>>>

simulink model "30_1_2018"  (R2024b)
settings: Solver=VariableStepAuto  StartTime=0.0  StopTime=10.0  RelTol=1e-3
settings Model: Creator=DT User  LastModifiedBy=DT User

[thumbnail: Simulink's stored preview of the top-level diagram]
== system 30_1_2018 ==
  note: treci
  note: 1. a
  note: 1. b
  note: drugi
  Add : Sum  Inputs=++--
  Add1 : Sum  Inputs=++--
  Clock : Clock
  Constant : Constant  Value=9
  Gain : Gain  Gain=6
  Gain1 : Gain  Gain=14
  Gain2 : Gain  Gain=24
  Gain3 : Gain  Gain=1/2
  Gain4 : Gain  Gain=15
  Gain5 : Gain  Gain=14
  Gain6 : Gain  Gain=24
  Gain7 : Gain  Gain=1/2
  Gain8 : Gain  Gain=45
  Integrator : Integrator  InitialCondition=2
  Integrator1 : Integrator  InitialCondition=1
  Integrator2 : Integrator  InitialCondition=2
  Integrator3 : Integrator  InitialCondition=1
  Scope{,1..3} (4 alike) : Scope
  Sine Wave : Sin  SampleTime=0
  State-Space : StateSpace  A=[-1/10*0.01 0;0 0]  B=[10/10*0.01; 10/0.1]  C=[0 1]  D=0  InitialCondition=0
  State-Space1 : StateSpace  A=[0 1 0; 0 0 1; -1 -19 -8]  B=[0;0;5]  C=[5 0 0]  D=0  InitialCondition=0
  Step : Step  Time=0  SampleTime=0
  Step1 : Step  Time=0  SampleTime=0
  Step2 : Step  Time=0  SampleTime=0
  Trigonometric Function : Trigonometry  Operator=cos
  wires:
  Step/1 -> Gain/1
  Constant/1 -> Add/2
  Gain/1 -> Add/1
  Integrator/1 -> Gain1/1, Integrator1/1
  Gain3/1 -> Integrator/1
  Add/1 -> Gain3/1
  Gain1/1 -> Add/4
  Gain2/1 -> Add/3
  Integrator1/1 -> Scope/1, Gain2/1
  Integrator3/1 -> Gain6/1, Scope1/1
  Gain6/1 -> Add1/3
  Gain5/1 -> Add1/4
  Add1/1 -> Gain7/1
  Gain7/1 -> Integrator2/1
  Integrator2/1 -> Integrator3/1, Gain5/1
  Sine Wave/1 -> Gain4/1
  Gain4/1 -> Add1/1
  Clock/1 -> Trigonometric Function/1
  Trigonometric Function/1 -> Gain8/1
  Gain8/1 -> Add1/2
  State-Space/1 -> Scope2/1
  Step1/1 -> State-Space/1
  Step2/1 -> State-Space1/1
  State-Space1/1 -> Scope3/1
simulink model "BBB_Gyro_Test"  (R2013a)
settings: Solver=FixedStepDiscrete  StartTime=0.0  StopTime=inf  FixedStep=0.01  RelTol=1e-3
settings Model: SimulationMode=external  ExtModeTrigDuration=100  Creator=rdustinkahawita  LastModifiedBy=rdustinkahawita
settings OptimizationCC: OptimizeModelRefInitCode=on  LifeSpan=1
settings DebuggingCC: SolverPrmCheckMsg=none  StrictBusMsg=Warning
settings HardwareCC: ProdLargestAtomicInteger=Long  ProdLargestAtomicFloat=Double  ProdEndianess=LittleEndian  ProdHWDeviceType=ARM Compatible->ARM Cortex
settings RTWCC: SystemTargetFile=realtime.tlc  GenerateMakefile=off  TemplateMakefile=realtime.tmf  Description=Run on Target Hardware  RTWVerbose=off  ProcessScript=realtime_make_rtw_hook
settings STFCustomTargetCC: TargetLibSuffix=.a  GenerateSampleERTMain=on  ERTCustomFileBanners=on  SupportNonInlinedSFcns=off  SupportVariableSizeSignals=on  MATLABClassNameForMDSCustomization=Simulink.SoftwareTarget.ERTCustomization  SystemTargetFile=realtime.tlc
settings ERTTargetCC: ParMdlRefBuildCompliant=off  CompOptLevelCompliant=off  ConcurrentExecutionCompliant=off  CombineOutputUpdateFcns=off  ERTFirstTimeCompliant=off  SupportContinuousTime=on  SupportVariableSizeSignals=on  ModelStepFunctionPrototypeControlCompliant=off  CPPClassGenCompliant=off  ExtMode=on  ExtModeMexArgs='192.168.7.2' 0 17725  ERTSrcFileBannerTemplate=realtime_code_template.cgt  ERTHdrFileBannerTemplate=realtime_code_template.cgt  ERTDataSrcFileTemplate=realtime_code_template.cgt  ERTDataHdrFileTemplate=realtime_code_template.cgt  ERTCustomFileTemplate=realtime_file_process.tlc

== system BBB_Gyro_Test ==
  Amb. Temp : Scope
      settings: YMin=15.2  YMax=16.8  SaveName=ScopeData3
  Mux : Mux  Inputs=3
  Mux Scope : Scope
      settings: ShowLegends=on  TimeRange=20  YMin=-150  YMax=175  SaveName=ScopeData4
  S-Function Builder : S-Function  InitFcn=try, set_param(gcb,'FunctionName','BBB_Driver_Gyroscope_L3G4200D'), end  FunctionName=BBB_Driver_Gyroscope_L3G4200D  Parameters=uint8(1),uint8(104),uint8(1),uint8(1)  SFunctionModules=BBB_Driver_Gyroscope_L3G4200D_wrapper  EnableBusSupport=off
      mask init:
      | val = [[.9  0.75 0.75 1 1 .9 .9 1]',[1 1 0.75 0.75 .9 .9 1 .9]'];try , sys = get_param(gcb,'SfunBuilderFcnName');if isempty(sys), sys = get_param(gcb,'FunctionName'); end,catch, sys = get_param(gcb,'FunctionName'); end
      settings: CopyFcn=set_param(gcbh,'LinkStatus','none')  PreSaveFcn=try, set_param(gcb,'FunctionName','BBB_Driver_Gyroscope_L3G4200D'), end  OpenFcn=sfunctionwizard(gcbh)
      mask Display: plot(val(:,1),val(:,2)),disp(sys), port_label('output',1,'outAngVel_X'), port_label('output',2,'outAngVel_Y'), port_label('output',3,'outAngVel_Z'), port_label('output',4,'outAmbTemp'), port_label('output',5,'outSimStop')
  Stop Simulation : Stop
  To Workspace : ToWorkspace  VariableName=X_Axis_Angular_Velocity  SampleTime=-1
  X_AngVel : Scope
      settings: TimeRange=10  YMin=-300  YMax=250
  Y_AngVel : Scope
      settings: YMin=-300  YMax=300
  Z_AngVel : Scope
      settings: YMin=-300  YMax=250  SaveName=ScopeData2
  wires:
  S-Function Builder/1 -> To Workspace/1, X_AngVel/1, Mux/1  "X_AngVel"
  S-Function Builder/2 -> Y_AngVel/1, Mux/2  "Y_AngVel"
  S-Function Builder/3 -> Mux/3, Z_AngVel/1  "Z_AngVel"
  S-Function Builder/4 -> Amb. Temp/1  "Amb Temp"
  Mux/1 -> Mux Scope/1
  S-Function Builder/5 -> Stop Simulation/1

<<<

**Problem statement:**
Should a line in the material contain "Trigonometric", copy it.

**Result of this task:**
  Trigonometric Function : Trigonometry  Operator=cos
  Clock/1 -> Trigonometric Function/1
  Trigonometric Function/1 -> Gain8/1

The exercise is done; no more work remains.